Exercise instructions → Write out every record below exactly, leaving the pictures out.

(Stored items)
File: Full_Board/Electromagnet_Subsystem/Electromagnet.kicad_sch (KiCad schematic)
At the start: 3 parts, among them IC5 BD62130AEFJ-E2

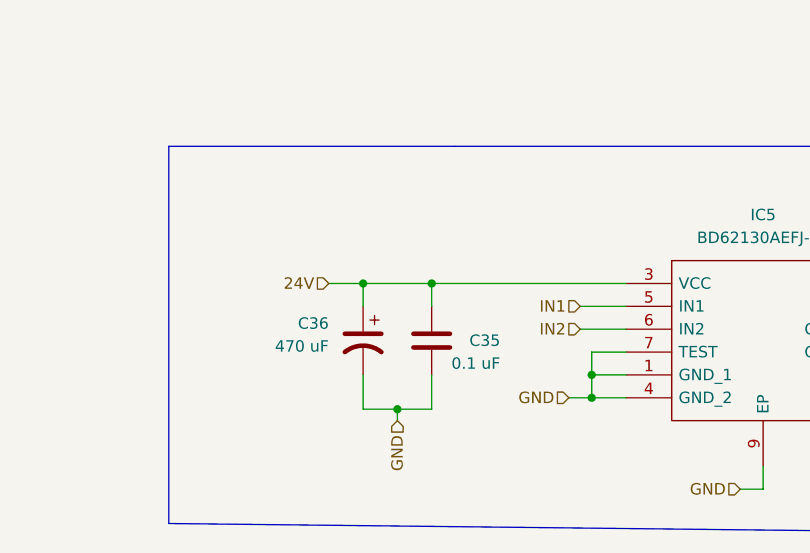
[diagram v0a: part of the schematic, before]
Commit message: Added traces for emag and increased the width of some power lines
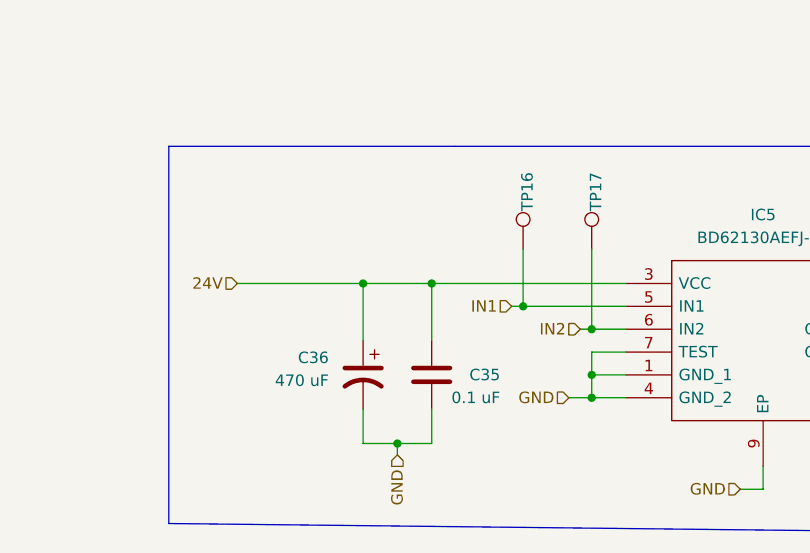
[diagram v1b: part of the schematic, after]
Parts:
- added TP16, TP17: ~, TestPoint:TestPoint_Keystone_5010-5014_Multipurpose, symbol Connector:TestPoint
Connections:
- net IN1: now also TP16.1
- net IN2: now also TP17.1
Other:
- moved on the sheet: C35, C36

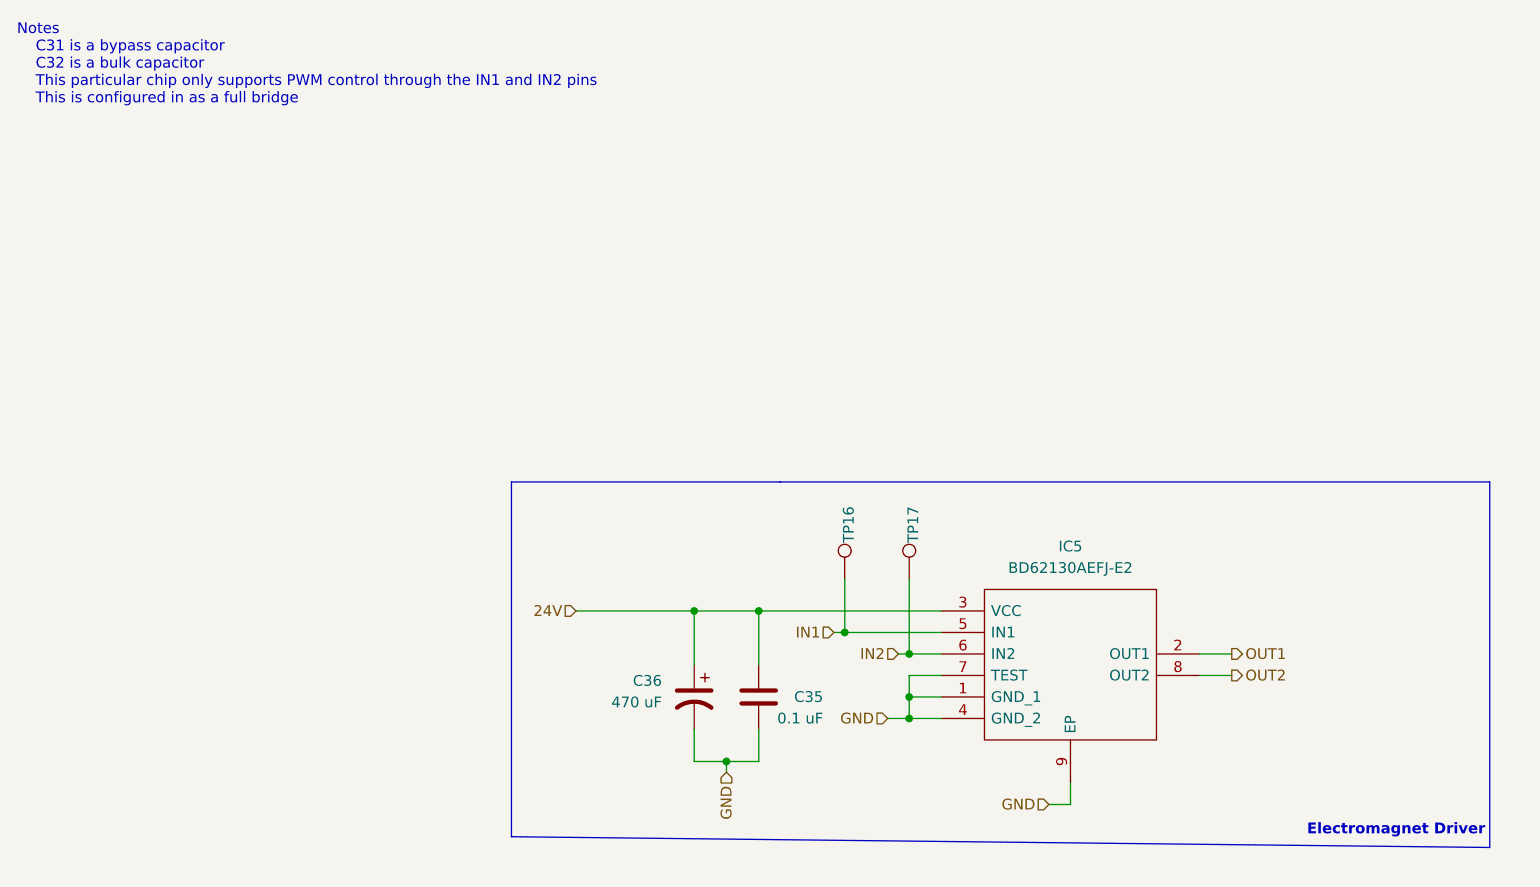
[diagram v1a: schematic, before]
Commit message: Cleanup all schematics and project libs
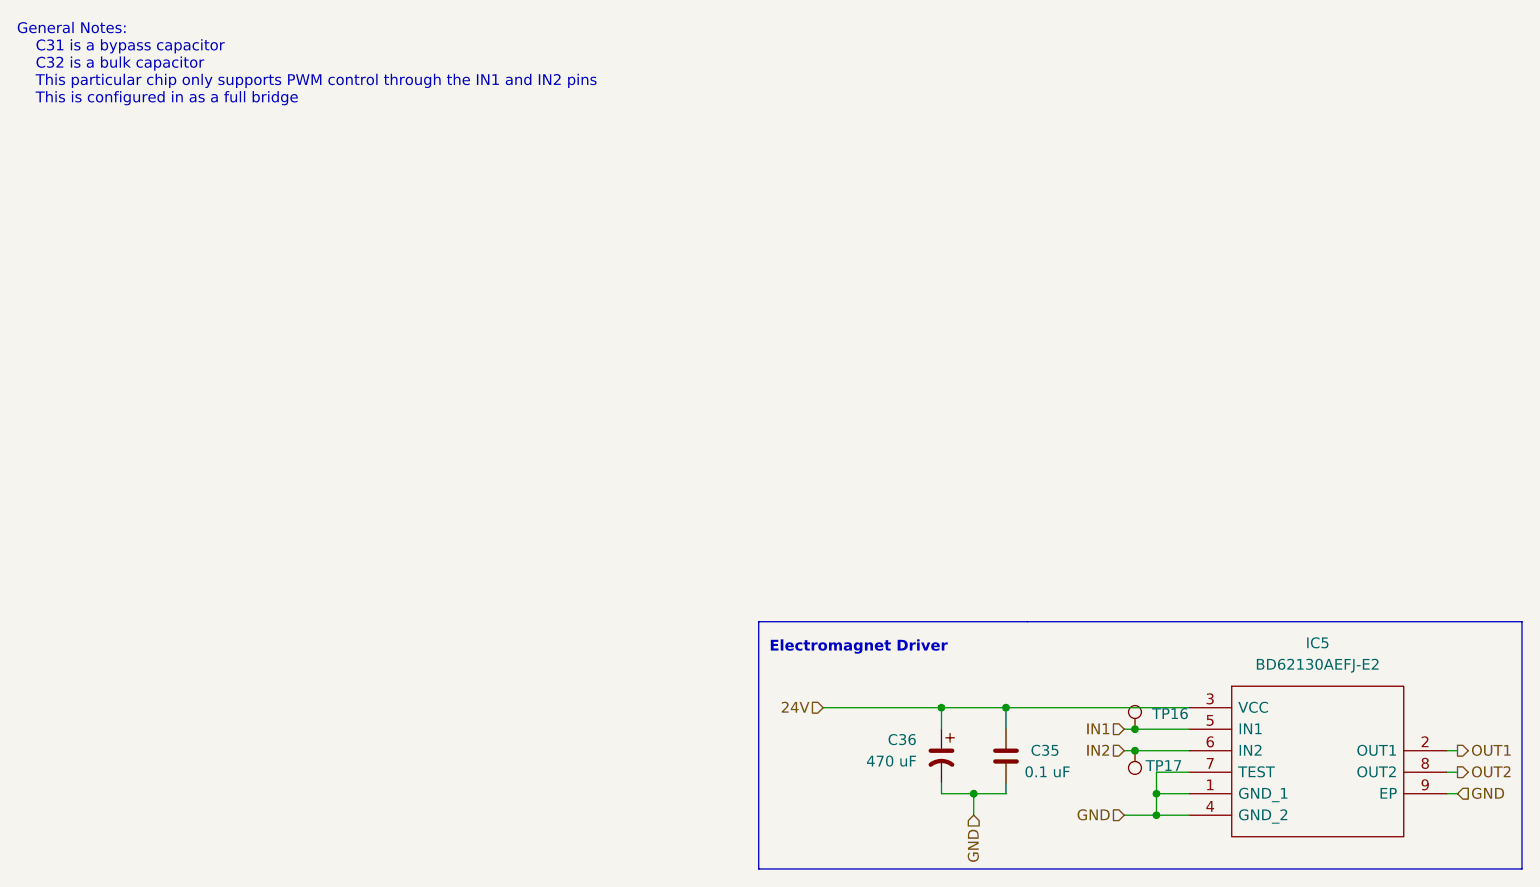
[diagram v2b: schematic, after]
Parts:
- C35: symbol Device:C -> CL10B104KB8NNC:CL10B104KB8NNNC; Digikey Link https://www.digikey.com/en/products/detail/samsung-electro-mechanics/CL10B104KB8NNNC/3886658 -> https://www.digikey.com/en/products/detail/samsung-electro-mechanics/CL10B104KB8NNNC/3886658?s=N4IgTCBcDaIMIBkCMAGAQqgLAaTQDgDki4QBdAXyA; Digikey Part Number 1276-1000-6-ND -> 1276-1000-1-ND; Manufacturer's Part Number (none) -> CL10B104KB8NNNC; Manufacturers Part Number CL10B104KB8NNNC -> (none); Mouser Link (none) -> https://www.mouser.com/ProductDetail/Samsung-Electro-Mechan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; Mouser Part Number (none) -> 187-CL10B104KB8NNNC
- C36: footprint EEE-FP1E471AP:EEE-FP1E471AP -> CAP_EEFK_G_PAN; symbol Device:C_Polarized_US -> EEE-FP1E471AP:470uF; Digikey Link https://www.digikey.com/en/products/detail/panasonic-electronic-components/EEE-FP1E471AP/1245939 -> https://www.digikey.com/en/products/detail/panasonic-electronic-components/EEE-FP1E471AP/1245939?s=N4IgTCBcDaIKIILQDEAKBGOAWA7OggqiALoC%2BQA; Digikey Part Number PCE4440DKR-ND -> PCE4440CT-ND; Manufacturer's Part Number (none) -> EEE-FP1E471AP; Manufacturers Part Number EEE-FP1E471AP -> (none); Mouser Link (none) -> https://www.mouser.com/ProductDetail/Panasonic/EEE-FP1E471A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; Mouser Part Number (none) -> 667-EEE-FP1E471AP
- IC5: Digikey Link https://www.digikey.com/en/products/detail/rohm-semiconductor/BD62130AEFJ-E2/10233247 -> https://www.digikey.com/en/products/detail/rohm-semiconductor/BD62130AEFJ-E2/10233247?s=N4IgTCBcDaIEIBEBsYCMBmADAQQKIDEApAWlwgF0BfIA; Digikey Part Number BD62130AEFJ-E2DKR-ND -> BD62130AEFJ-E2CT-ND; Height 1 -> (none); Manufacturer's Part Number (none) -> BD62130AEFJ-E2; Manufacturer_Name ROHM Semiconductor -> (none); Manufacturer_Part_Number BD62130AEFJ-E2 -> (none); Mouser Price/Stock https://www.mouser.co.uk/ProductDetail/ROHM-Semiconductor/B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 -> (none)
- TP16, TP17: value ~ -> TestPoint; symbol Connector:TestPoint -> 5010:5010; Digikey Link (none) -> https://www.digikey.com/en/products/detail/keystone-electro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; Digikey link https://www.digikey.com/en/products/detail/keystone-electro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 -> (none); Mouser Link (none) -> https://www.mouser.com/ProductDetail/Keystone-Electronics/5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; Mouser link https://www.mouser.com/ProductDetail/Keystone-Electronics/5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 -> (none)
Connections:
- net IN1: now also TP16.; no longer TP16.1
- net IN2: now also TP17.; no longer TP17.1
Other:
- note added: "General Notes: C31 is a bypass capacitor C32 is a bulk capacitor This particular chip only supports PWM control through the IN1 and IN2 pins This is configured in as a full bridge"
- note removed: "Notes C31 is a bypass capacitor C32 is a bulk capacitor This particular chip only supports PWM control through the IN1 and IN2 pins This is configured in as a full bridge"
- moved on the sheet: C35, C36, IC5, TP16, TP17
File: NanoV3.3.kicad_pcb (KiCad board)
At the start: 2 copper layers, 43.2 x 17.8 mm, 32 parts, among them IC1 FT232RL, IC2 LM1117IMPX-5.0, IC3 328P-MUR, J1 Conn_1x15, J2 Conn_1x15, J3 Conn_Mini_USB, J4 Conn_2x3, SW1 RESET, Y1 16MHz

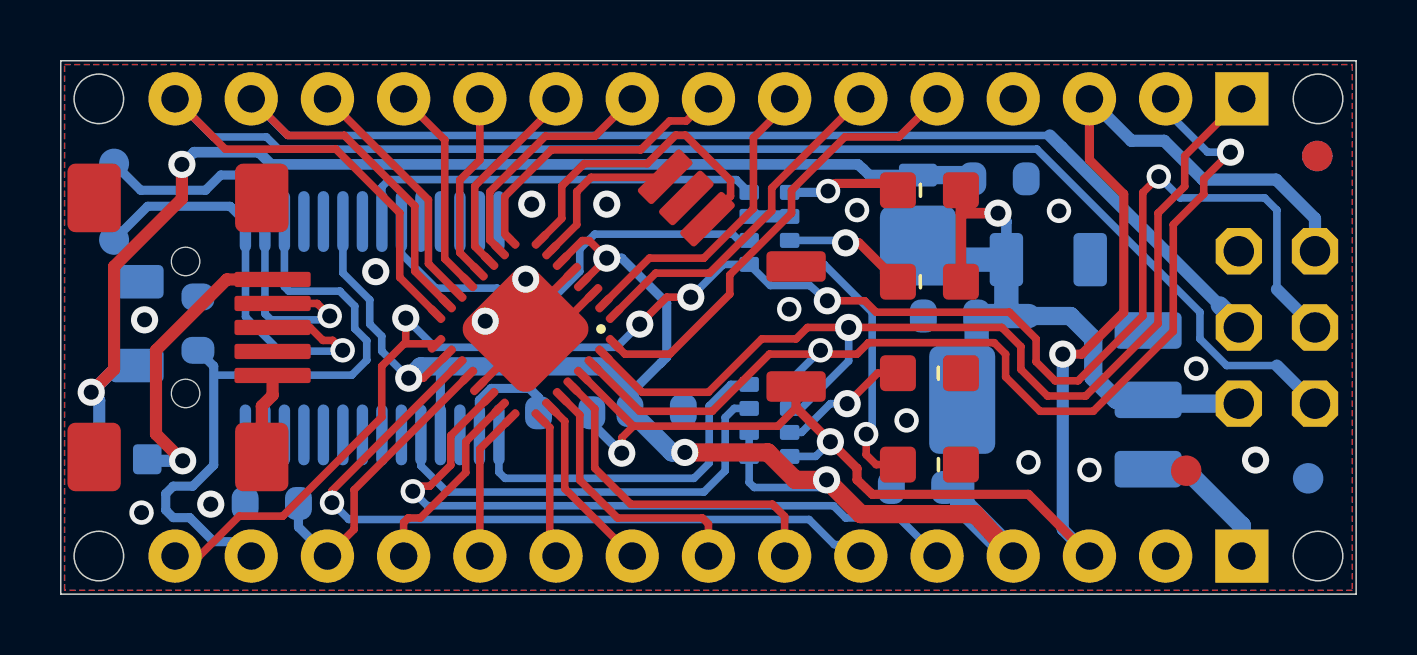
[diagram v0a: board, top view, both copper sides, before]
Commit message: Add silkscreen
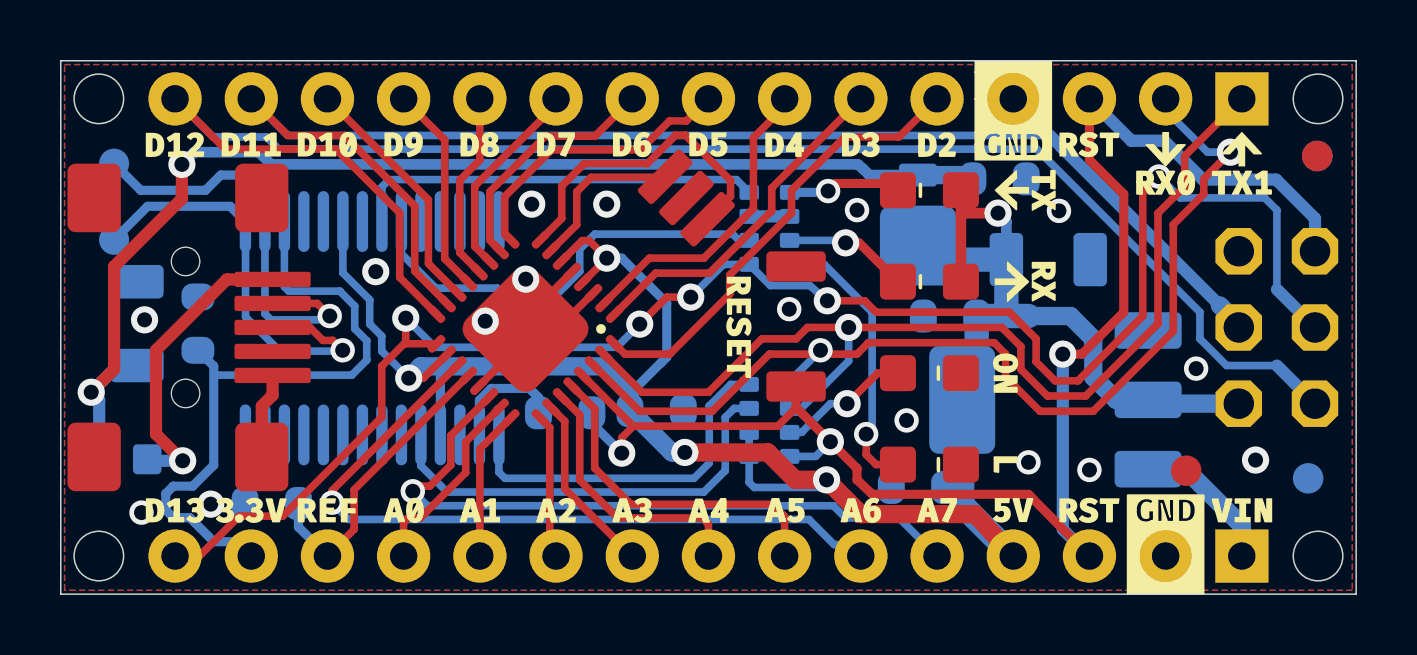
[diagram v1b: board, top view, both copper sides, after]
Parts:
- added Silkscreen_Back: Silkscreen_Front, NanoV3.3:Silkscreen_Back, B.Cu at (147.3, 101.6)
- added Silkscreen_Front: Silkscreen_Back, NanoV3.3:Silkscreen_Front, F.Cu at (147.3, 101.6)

The completed task →
File: Full_Board/Electromagnet_Subsystem/Electromagnet.kicad_sch (KiCad schematic)
At the start: 3 parts, among them IC5 BD62130AEFJ-E2

[diagram v0a: part of the schematic, before]
Commit message: Added traces for emag and increased the width of some power lines
[diagram v1b: part of the schematic, after]
Parts:
- added TP16, TP17: ~, TestPoint:TestPoint_Keystone_5010-5014_Multipurpose, symbol Connector:TestPoint
Connections:
- net IN1: now also TP16.1
- net IN2: now also TP17.1
Other:
- moved on the sheet: C35, C36

[diagram v1a: schematic, before]
Commit message: Cleanup all schematics and project libs
[diagram v2b: schematic, after]
Parts:
- C35: symbol Device:C -> CL10B104KB8NNC:CL10B104KB8NNNC; Digikey Link https://www.digikey.com/en/products/detail/samsung-electro-mechanics/CL10B104KB8NNNC/3886658 -> https://www.digikey.com/en/products/detail/samsung-electro-mechanics/CL10B104KB8NNNC/3886658?s=N4IgTCBcDaIMIBkCMAGAQqgLAaTQDgDki4QBdAXyA; Digikey Part Number 1276-1000-6-ND -> 1276-1000-1-ND; Manufacturer's Part Number (none) -> CL10B104KB8NNNC; Manufacturers Part Number CL10B104KB8NNNC -> (none); Mouser Link (none) -> https://www.mouser.com/ProductDetail/Samsung-Electro-Mechan; Mouser Part Number (none) -> 187-CL10B104KB8NNNC
- C36: footprint EEE-FP1E471AP:EEE-FP1E471AP -> CAP_EEFK_G_PAN; symbol Device:C_Polarized_US -> EEE-FP1E471AP:470uF; Digikey Link https://www.digikey.com/en/products/detail/panasonic-electronic-components/EEE-FP1E471AP/1245939 -> https://www.digikey.com/en/products/detail/panasonic-electronic-components/EEE-FP1E471AP/1245939?s=N4IgTCBcDaIKIILQDEAKBGOAWA7OggqiALoC%2BQA; Digikey Part Number PCE4440DKR-ND -> PCE4440CT-ND; Manufacturer's Part Number (none) -> EEE-FP1E471AP; Manufacturers Part Number EEE-FP1E471AP -> (none); Mouser Link (none) -> https://www.mouser.com/ProductDetail/Panasonic/EEE-FP1E471A; Mouser Part Number (none) -> 667-EEE-FP1E471AP
- IC5: Digikey Link https://www.digikey.com/en/products/detail/rohm-semiconductor/BD62130AEFJ-E2/10233247 -> https://www.digikey.com/en/products/detail/rohm-semiconductor/BD62130AEFJ-E2/10233247?s=N4IgTCBcDaIEIBEBsYCMBmADAQQKIDEApAWlwgF0BfIA; Digikey Part Number BD62130AEFJ-E2DKR-ND -> BD62130AEFJ-E2CT-ND; Height 1 -> (none); Manufacturer's Part Number (none) -> BD62130AEFJ-E2; Manufacturer_Name ROHM Semiconductor -> (none); Manufacturer_Part_Number BD62130AEFJ-E2 -> (none); Mouser Price/Stock https://www.mouser.co.uk/ProductDetail/ROHM-Semiconductor/B -> (none)
- TP16, TP17: value ~ -> TestPoint; symbol Connector:TestPoint -> 5010:5010; Digikey Link (none) -> https://www.digikey.com/en/products/detail/keystone-electro; Digikey link https://www.digikey.com/en/products/detail/keystone-electro -> (none); Mouser Link (none) -> https://www.mouser.com/ProductDetail/Keystone-Electronics/5; Mouser link https://www.mouser.com/ProductDetail/Keystone-Electronics/5 -> (none)
Connections:
- net IN1: now also TP16.; no longer TP16.1
- net IN2: now also TP17.; no longer TP17.1
Other:
- note added: "General Notes: C31 is a bypass capacitor C32 is a bulk capacitor This particular chip only supports PWM control through the IN1 and IN2 pins This is configured in as a full bridge"
- note removed: "Notes C31 is a bypass capacitor C32 is a bulk capacitor This particular chip only supports PWM control through the IN1 and IN2 pins This is configured in as a full bridge"
- moved on the sheet: C35, C36, IC5, TP16, TP17
File: NanoV3.3.kicad_pcb (KiCad board)
At the start: 2 copper layers, 43.2 x 17.8 mm, 32 parts, among them IC1 FT232RL, IC2 LM1117IMPX-5.0, IC3 328P-MUR, J1 Conn_1x15, J2 Conn_1x15, J3 Conn_Mini_USB, J4 Conn_2x3, SW1 RESET, Y1 16MHz

[diagram v0a: board, top view, both copper sides, before]
Commit message: Add silkscreen
[diagram v1b: board, top view, both copper sides, after]
Parts:
- added Silkscreen_Back: Silkscreen_Front, NanoV3.3:Silkscreen_Back, B.Cu at (147.3, 101.6)
- added Silkscreen_Front: Silkscreen_Back, NanoV3.3:Silkscreen_Front, F.Cu at (147.3, 101.6)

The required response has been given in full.